- Work task -
Only the lines that contain the string "ezdxf" belong in the answer; pull them from the records.

[Items from a dataset]
▬▬▬▬▬▬▬▬▬▬
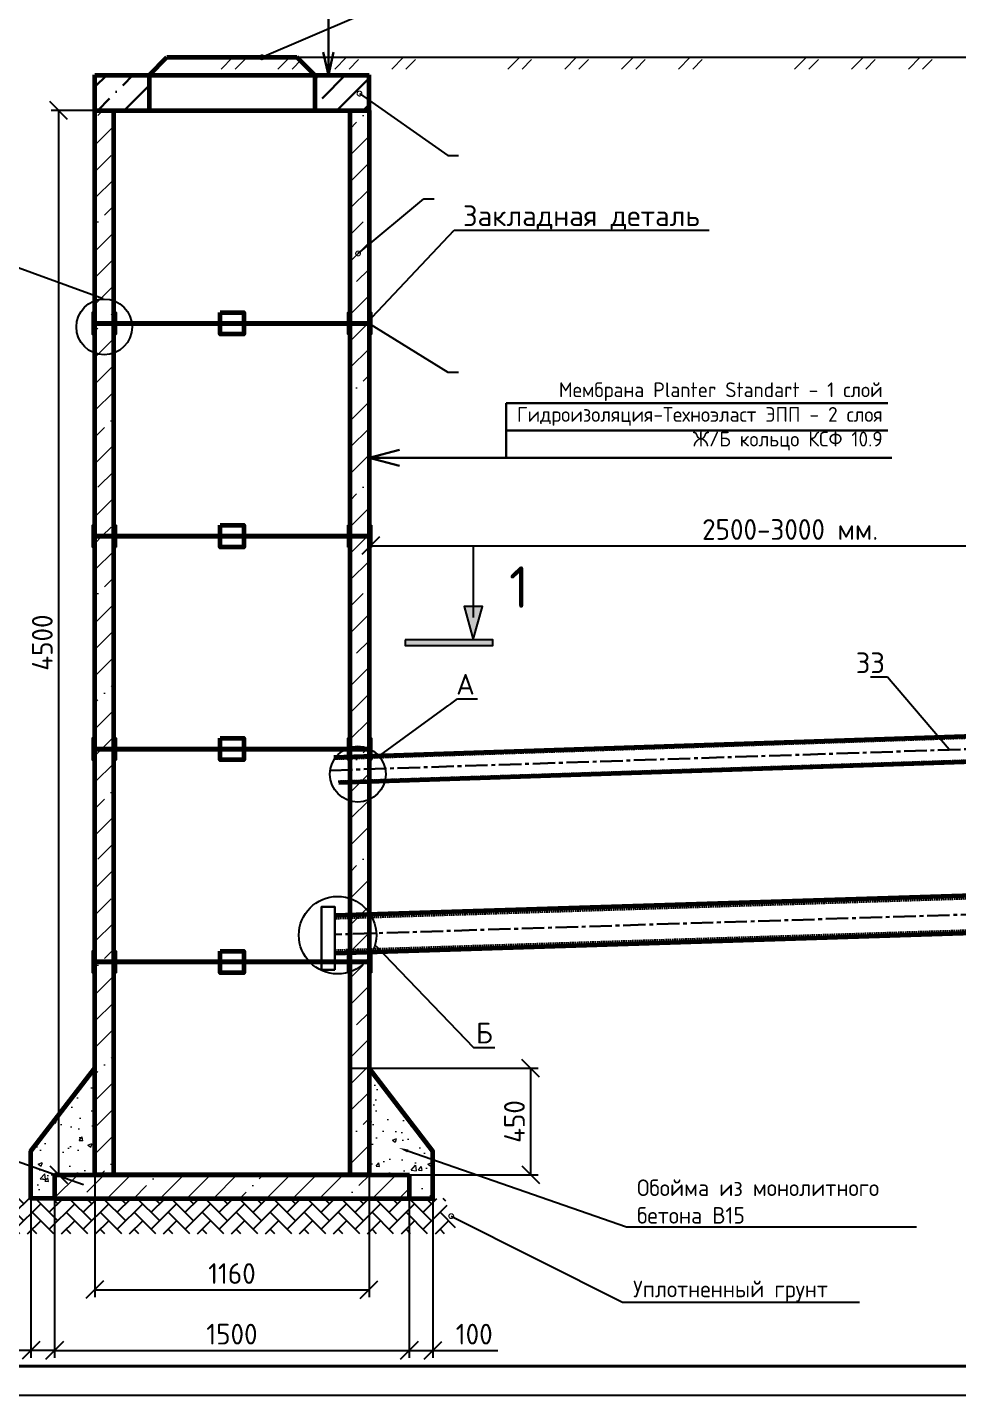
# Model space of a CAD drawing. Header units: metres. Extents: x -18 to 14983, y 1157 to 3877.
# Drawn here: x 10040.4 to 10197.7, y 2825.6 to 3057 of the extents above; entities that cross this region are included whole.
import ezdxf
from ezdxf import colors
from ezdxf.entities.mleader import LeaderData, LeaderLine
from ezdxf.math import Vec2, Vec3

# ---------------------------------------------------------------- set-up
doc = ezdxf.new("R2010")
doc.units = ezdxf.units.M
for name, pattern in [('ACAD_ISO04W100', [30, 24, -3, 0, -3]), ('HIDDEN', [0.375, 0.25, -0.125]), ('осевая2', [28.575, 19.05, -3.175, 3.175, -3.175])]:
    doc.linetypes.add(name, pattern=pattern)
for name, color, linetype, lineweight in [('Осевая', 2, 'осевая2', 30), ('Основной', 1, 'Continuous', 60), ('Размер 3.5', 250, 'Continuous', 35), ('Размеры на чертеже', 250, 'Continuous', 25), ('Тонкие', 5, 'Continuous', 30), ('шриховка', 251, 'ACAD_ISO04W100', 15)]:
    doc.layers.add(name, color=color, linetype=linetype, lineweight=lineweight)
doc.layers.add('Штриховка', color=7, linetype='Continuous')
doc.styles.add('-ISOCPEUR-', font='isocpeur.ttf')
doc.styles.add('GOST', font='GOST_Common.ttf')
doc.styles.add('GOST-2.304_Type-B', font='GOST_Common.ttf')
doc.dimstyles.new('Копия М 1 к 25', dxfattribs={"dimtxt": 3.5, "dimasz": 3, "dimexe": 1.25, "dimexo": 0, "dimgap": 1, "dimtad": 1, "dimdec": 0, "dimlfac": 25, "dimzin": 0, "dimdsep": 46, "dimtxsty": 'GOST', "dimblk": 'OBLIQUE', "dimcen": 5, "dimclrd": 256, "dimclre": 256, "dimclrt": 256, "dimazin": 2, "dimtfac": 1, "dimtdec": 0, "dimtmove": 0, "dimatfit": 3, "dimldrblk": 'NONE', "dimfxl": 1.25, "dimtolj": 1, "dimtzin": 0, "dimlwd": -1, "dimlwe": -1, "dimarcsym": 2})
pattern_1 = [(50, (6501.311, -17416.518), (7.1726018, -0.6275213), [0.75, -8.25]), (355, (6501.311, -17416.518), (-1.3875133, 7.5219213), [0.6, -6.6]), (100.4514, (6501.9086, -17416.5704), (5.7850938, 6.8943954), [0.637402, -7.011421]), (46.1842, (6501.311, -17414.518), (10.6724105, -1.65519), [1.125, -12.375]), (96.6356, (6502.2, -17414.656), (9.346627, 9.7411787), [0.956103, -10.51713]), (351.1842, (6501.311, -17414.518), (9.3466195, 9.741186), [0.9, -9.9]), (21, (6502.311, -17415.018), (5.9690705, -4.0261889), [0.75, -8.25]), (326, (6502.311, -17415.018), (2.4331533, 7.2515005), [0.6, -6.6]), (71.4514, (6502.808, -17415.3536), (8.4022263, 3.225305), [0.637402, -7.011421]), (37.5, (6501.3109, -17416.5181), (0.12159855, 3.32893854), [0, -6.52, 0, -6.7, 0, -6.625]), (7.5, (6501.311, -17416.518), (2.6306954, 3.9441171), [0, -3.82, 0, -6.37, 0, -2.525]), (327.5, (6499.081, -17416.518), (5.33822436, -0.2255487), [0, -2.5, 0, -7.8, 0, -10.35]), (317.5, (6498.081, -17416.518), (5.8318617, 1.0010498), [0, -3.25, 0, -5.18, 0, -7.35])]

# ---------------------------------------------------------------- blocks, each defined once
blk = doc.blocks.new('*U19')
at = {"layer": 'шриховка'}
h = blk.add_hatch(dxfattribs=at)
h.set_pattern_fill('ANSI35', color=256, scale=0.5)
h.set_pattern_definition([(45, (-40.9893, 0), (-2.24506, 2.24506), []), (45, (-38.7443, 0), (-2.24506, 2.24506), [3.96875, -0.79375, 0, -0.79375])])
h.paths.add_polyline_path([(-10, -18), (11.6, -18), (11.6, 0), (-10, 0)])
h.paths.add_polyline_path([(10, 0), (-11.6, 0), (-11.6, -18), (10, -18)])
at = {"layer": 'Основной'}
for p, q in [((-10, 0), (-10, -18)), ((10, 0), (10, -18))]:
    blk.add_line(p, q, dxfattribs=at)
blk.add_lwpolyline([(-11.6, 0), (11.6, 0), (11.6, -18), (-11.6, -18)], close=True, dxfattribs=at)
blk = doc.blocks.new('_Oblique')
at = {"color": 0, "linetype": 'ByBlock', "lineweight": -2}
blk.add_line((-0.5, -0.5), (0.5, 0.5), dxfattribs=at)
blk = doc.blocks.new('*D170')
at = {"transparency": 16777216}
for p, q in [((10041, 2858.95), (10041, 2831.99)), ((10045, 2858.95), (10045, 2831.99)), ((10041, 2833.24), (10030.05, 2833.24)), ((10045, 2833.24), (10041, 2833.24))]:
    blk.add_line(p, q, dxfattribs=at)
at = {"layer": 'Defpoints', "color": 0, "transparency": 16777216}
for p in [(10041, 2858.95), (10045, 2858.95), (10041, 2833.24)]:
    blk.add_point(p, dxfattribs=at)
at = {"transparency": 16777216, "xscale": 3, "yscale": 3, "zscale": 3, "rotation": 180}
▬▬▬▬▬▬▬▬▬▬
- Reply to the task -
import ezdxf
from ezdxf import colors
from ezdxf.entities.mleader import LeaderData, LeaderLine
from ezdxf.math import Vec2, Vec3
doc = ezdxf.new("R2010")
doc.units = ezdxf.units.M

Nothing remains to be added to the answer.